2. The energy storage plant lightning protection device of claim 1, wherein: the rope winding mechanism comprises a rope winding device (5), a rocker (6) and a rotating shaft (7); the rotating shaft (7) horizontally penetrates through the supporting cylinder (3) and is perpendicular to the bottom surface of the sliding groove (10); the two rope winding devices (5) are respectively and fixedly connected to the parts, extending out of the supporting cylinder (3), of the two ends of the rotating shaft (7); the outer end of the traction rope (11) is fixed at the middle position of the rope winder (5); the rocker (6) is fixedly connected to the outermost side of the rotating shaft (7).
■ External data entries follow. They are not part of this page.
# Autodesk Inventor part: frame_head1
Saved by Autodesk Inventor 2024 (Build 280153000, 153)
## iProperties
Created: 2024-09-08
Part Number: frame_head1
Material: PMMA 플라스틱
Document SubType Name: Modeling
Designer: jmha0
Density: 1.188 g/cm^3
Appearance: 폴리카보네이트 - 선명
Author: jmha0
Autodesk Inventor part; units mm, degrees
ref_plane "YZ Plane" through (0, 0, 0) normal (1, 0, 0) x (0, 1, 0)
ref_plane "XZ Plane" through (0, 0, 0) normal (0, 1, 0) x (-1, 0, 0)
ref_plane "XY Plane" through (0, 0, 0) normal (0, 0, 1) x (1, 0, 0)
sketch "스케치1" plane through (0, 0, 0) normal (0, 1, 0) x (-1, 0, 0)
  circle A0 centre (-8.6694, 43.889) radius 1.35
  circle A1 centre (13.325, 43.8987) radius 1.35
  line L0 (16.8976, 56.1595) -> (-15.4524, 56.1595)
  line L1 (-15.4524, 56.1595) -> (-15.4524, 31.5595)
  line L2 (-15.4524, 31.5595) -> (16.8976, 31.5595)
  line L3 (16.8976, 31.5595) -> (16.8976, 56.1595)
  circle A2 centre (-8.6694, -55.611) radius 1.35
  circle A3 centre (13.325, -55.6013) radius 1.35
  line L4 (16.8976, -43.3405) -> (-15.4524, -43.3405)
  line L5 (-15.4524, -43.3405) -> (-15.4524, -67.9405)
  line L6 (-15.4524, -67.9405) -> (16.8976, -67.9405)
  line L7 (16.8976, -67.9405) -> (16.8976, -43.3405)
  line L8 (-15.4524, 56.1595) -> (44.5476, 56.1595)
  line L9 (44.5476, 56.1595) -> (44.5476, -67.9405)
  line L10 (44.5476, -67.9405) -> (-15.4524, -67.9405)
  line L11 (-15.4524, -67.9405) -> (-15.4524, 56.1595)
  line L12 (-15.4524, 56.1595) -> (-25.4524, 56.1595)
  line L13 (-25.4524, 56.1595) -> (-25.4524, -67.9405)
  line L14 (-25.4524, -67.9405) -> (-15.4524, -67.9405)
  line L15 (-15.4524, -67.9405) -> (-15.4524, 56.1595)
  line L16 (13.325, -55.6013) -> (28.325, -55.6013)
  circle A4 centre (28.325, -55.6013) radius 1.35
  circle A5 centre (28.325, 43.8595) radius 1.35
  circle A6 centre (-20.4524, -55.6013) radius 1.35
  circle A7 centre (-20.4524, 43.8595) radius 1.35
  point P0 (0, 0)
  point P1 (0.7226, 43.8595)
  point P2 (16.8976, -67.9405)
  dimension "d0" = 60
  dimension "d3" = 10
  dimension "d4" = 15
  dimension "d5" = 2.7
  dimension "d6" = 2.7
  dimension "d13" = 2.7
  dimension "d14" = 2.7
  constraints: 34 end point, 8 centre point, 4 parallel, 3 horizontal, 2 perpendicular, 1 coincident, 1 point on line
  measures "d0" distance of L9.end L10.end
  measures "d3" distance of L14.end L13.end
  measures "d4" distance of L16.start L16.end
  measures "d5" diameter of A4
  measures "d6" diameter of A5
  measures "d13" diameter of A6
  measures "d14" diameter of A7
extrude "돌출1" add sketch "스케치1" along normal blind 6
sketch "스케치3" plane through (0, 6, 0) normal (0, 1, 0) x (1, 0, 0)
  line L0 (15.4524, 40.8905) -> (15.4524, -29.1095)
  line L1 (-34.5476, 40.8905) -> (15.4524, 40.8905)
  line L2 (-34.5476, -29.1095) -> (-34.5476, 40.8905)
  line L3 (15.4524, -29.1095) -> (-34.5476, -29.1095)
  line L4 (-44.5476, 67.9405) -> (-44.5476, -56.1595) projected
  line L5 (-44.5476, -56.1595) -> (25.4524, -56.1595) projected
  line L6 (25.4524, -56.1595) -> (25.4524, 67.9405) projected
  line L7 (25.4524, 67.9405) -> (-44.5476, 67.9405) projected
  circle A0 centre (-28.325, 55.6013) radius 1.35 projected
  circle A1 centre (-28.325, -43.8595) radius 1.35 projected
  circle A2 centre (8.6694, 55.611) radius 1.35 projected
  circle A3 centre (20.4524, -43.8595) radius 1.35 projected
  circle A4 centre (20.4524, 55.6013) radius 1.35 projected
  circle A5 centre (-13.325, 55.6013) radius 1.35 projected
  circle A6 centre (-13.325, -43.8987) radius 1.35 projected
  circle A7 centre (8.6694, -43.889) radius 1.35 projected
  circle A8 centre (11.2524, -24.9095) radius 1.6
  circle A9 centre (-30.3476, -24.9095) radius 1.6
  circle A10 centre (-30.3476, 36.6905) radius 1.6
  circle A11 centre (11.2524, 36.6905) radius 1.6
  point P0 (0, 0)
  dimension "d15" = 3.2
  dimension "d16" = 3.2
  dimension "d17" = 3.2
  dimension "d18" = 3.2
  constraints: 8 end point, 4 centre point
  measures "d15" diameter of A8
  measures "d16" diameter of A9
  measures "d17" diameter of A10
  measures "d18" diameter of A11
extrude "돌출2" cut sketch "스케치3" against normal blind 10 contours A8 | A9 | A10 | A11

3. The energy storage plant lightning protection device of claim 2, wherein: the rope winding mechanism further comprises a limiting rod (8), wherein a limiting hole which is coaxially formed in the same horizontal position of the flange plate of the rope winding device (5) and the supporting cylinder (3) is formed in the same horizontal position, and the limiting rod penetrates through the limiting hole in the flange plate of the rope winding device (5) and the wall of the supporting cylinder (3) to prevent the rope winding mechanism from continuously rotating.

4. A lightning protection device for an energy storage power station according to any one of claims 1 to 3, wherein: the side surface of the top end of the supporting cylinder (3) is horizontally provided with a first pulley (12), and the side wall of the top end of the supporting cylinder (3) is vertically provided with a second pulley (13); the traction rope (11) passes through the first pulley (12) and the second pulley (13).

5. The energy storage plant lightning protection device of claim 4, wherein: the outer side wall of the bottom of the supporting cylinder (3) is fixedly connected with a mounting seat (2), and the mounting seat (2) is fixed on the base (1) through bolts.